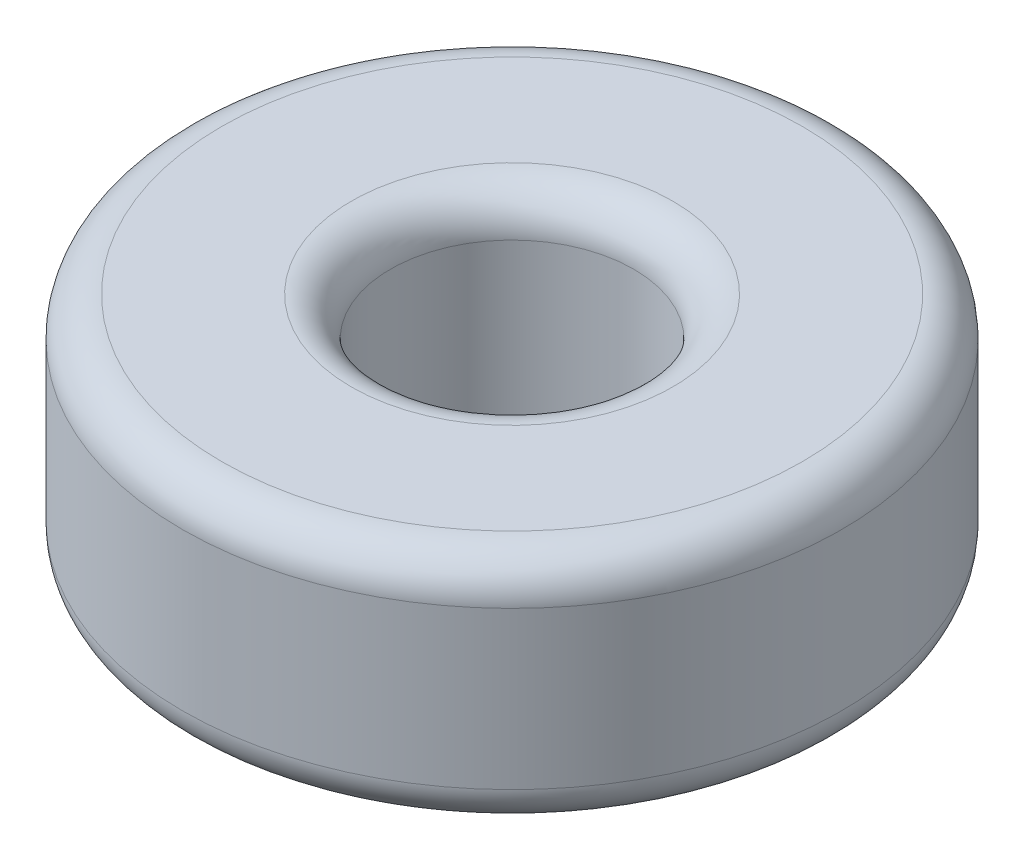
ISO-10303-21;
HEADER;
FILE_DESCRIPTION(('STEP AP214'),'2;1');
FILE_NAME('part.step','',(''),(''),'','','');
FILE_SCHEMA(('AUTOMOTIVE_DESIGN { 1 0 10303 214 1 1 1 1 }'));
ENDSEC;
DATA;
#1=APPLICATION_CONTEXT('core data for automotive mechanical design processes');
#2=APPLICATION_PROTOCOL_DEFINITION('international standard','automotive_design',2000,#1);
#3=PRODUCT_CONTEXT('',#1,'mechanical');
#4=PRODUCT('Part','Part','',(#3));
#5=PRODUCT_RELATED_PRODUCT_CATEGORY('part','',(#4));
#6=PRODUCT_DEFINITION_FORMATION('','',#4);
#7=PRODUCT_DEFINITION_CONTEXT('part definition',#1,'design');
#8=PRODUCT_DEFINITION('design','',#6,#7);
#9=PRODUCT_DEFINITION_SHAPE('','',#8);
#10=(LENGTH_UNIT() NAMED_UNIT(*) SI_UNIT(.MILLI.,.METRE.));
#11=(NAMED_UNIT(*) PLANE_ANGLE_UNIT() SI_UNIT($,.RADIAN.));
#12=(NAMED_UNIT(*) SI_UNIT($,.STERADIAN.) SOLID_ANGLE_UNIT());
#13=UNCERTAINTY_MEASURE_WITH_UNIT(LENGTH_MEASURE(1.E-05),#10,'distance_accuracy_value','');
#14=(GEOMETRIC_REPRESENTATION_CONTEXT(3) GLOBAL_UNCERTAINTY_ASSIGNED_CONTEXT((#13)) GLOBAL_UNIT_ASSIGNED_CONTEXT((#10,
#11,#12)) REPRESENTATION_CONTEXT('',''));
#15=CARTESIAN_POINT('',(0.,0.,0.));
#16=DIRECTION('',(0.,0.,1.));
#17=DIRECTION('',(1.,0.,0.));
#18=AXIS2_PLACEMENT_3D('',#15,#16,#17);
#19=CARTESIAN_POINT('',(0.,6.,0.));
#20=DIRECTION('',(0.,1.,0.));
#21=DIRECTION('',(0.,0.,1.));
#22=AXIS2_PLACEMENT_3D('',#19,#20,#21);
#23=PLANE('',#22);
#24=CARTESIAN_POINT('',(0.,6.,0.));
#25=DIRECTION('',(0.,1.,0.));
#26=DIRECTION('',(0.,0.,1.));
#27=AXIS2_PLACEMENT_3D('',#24,#25,#26);
#28=CIRCLE('',#27,4.1);
#29=CARTESIAN_POINT('',(0.,6.,4.1));
#30=VERTEX_POINT('',#29);
#31=EDGE_CURVE('E10',#30,#30,#28,.F.);
#32=ORIENTED_EDGE('',*,*,#31,.T.);
#33=EDGE_LOOP('',(#32));
#34=FACE_BOUND('',#33,.T.);
#35=CARTESIAN_POINT('',(0.,6.,0.));
#36=DIRECTION('',(0.,1.,0.));
#37=DIRECTION('',(0.,0.,1.));
#38=AXIS2_PLACEMENT_3D('',#35,#36,#37);
#39=CIRCLE('',#38,7.4);
#40=CARTESIAN_POINT('',(0.,6.,7.4));
#41=VERTEX_POINT('',#40);
#42=EDGE_CURVE('E38',#41,#41,#39,.T.);
#43=ORIENTED_EDGE('',*,*,#42,.T.);
#44=EDGE_LOOP('',(#43));
#45=FACE_BOUND('',#44,.T.);
#46=ADVANCED_FACE('F31',(#34,#45),#23,.T.);
#47=CARTESIAN_POINT('',(0.,0.,0.));
#48=DIRECTION('',(0.,1.,0.));
#49=DIRECTION('',(0.,0.,1.));
#50=AXIS2_PLACEMENT_3D('',#47,#48,#49);
#51=PLANE('',#50);
#52=CARTESIAN_POINT('',(0.,0.,0.));
#53=DIRECTION('',(0.,1.,0.));
#54=DIRECTION('',(0.,0.,1.));
#55=AXIS2_PLACEMENT_3D('',#52,#53,#54);
#56=CIRCLE('',#55,4.1);
#57=CARTESIAN_POINT('',(0.,0.,4.1));
#58=VERTEX_POINT('',#57);
#59=EDGE_CURVE('E57',#58,#58,#56,.T.);
#60=ORIENTED_EDGE('',*,*,#59,.T.);
#61=EDGE_LOOP('',(#60));
#62=FACE_BOUND('',#61,.T.);
#63=CARTESIAN_POINT('',(0.,0.,0.));
#64=DIRECTION('',(0.,1.,0.));
#65=DIRECTION('',(0.,0.,1.));
#66=AXIS2_PLACEMENT_3D('',#63,#64,#65);
#67=CIRCLE('',#66,7.4);
#68=CARTESIAN_POINT('',(0.,0.,7.4));
#69=VERTEX_POINT('',#68);
#70=EDGE_CURVE('E60',#69,#69,#67,.F.);
#71=ORIENTED_EDGE('',*,*,#70,.T.);
#72=EDGE_LOOP('',(#71));
#73=FACE_BOUND('',#72,.T.);
#74=ADVANCED_FACE('F64',(#62,#73),#51,.F.);
#75=CARTESIAN_POINT('',(0.,6.,0.));
#76=DIRECTION('',(0.,-1.,0.));
#77=DIRECTION('',(0.,0.,-1.));
#78=AXIS2_PLACEMENT_3D('',#75,#76,#77);
#79=CYLINDRICAL_SURFACE('',#78,8.4);
#80=CARTESIAN_POINT('',(0.,1.,0.));
#81=DIRECTION('',(0.,1.,0.));
#82=DIRECTION('',(0.,0.,1.));
#83=AXIS2_PLACEMENT_3D('',#80,#81,#82);
#84=CIRCLE('',#83,8.4);
#85=CARTESIAN_POINT('',(0.,1.,8.4));
#86=VERTEX_POINT('',#85);
#87=EDGE_CURVE('E42',#86,#86,#84,.T.);
#88=ORIENTED_EDGE('',*,*,#87,.T.);
#89=EDGE_LOOP('',(#88));
#90=FACE_BOUND('',#89,.T.);
#91=CARTESIAN_POINT('',(0.,5.,0.));
#92=DIRECTION('',(0.,1.,0.));
#93=DIRECTION('',(0.,0.,1.));
#94=AXIS2_PLACEMENT_3D('',#91,#92,#93);
#95=CIRCLE('',#94,8.4);
#96=CARTESIAN_POINT('',(0.,5.,8.4));
#97=VERTEX_POINT('',#96);
#98=EDGE_CURVE('E46',#97,#97,#95,.F.);
#99=ORIENTED_EDGE('',*,*,#98,.T.);
#100=EDGE_LOOP('',(#99));
#101=FACE_BOUND('',#100,.T.);
#102=ADVANCED_FACE('F74',(#90,#101),#79,.T.);
#103=CARTESIAN_POINT('',(0.,6.,0.));
#104=DIRECTION('',(0.,-1.,0.));
#105=DIRECTION('',(0.,0.,-1.));
#106=AXIS2_PLACEMENT_3D('',#103,#104,#105);
#107=CYLINDRICAL_SURFACE('',#106,3.1);
#108=CARTESIAN_POINT('',(0.,1.,0.));
#109=DIRECTION('',(0.,1.,0.));
#110=DIRECTION('',(0.,0.,1.));
#111=AXIS2_PLACEMENT_3D('',#108,#109,#110);
#112=CIRCLE('',#111,3.1);
#113=CARTESIAN_POINT('',(0.,1.,3.1));
#114=VERTEX_POINT('',#113);
#115=EDGE_CURVE('E51',#114,#114,#112,.F.);
#116=ORIENTED_EDGE('',*,*,#115,.T.);
#117=EDGE_LOOP('',(#116));
#118=FACE_BOUND('',#117,.T.);
#119=CARTESIAN_POINT('',(0.,5.,0.));
#120=DIRECTION('',(0.,1.,0.));
#121=DIRECTION('',(0.,0.,1.));
#122=AXIS2_PLACEMENT_3D('',#119,#120,#121);
#123=CIRCLE('',#122,3.1);
#124=CARTESIAN_POINT('',(0.,5.,3.1));
#125=VERTEX_POINT('',#124);
#126=EDGE_CURVE('E54',#125,#125,#123,.T.);
#127=ORIENTED_EDGE('',*,*,#126,.T.);
#128=EDGE_LOOP('',(#127));
#129=FACE_BOUND('',#128,.T.);
#130=ADVANCED_FACE('F77',(#118,#129),#107,.F.);
#131=CARTESIAN_POINT('',(0.,1.,0.));
#132=DIRECTION('',(0.,1.,0.));
#133=DIRECTION('',(0.,0.,1.));
#134=AXIS2_PLACEMENT_3D('',#131,#132,#133);
#135=TOROIDAL_SURFACE('',#134,4.1,1.);
#136=ORIENTED_EDGE('',*,*,#115,.F.);
#137=EDGE_LOOP('',(#136));
#138=FACE_BOUND('',#137,.T.);
#139=ORIENTED_EDGE('',*,*,#59,.F.);
#140=EDGE_LOOP('',(#139));
#141=FACE_BOUND('',#140,.T.);
#142=ADVANCED_FACE('F70',(#138,#141),#135,.T.);
#143=CARTESIAN_POINT('',(0.,1.,0.));
#144=DIRECTION('',(0.,1.,0.));
#145=DIRECTION('',(0.,0.,1.));
#146=AXIS2_PLACEMENT_3D('',#143,#144,#145);
#147=TOROIDAL_SURFACE('',#146,7.4,1.);
#148=ORIENTED_EDGE('',*,*,#70,.F.);
#149=EDGE_LOOP('',(#148));
#150=FACE_BOUND('',#149,.T.);
#151=ORIENTED_EDGE('',*,*,#87,.F.);
#152=EDGE_LOOP('',(#151));
#153=FACE_BOUND('',#152,.T.);
#154=ADVANCED_FACE('F66',(#150,#153),#147,.T.);
#155=CARTESIAN_POINT('',(0.,5.,0.));
#156=DIRECTION('',(0.,1.,0.));
#157=DIRECTION('',(0.,0.,1.));
#158=AXIS2_PLACEMENT_3D('',#155,#156,#157);
#159=TOROIDAL_SURFACE('',#158,4.1,1.);
#160=ORIENTED_EDGE('',*,*,#31,.F.);
#161=EDGE_LOOP('',(#160));
#162=FACE_BOUND('',#161,.T.);
#163=ORIENTED_EDGE('',*,*,#126,.F.);
#164=EDGE_LOOP('',(#163));
#165=FACE_BOUND('',#164,.T.);
#166=ADVANCED_FACE('F69',(#162,#165),#159,.T.);
#167=CARTESIAN_POINT('',(0.,5.,0.));
#168=DIRECTION('',(0.,1.,0.));
#169=DIRECTION('',(0.,0.,1.));
#170=AXIS2_PLACEMENT_3D('',#167,#168,#169);
#171=TOROIDAL_SURFACE('',#170,7.4,1.);
#172=ORIENTED_EDGE('',*,*,#98,.F.);
#173=EDGE_LOOP('',(#172));
#174=FACE_BOUND('',#173,.T.);
#175=ORIENTED_EDGE('',*,*,#42,.F.);
#176=EDGE_LOOP('',(#175));
#177=FACE_BOUND('',#176,.T.);
#178=ADVANCED_FACE('F33',(#174,#177),#171,.T.);
#179=CLOSED_SHELL('',(#46,#74,#102,#130,#142,#154,#166,#178));
#180=MANIFOLD_SOLID_BREP('B2',#179);
#181=ADVANCED_BREP_SHAPE_REPRESENTATION('',(#18,#180),#14);
#182=SHAPE_DEFINITION_REPRESENTATION(#9,#181);
ENDSEC;
END-ISO-10303-21;
--------------------
• What this task involves: All lines in the listing above between the line with "#1=APPLICATION_CONTEXT('core data for" and the line with "#9=PRODUCT_DEFINITION_SHAPE('','',#8);", inclusive, should be set down exactly, and no line outside that range.

• Answer box:
#1=APPLICATION_CONTEXT('core data for automotive mechanical design processes');
#2=APPLICATION_PROTOCOL_DEFINITION('international standard','automotive_design',2000,#1);
#3=PRODUCT_CONTEXT('',#1,'mechanical');
#4=PRODUCT('Part','Part','',(#3));
#5=PRODUCT_RELATED_PRODUCT_CATEGORY('part','',(#4));
#6=PRODUCT_DEFINITION_FORMATION('','',#4);
#7=PRODUCT_DEFINITION_CONTEXT('part definition',#1,'design');
#8=PRODUCT_DEFINITION('design','',#6,#7);
#9=PRODUCT_DEFINITION_SHAPE('','',#8);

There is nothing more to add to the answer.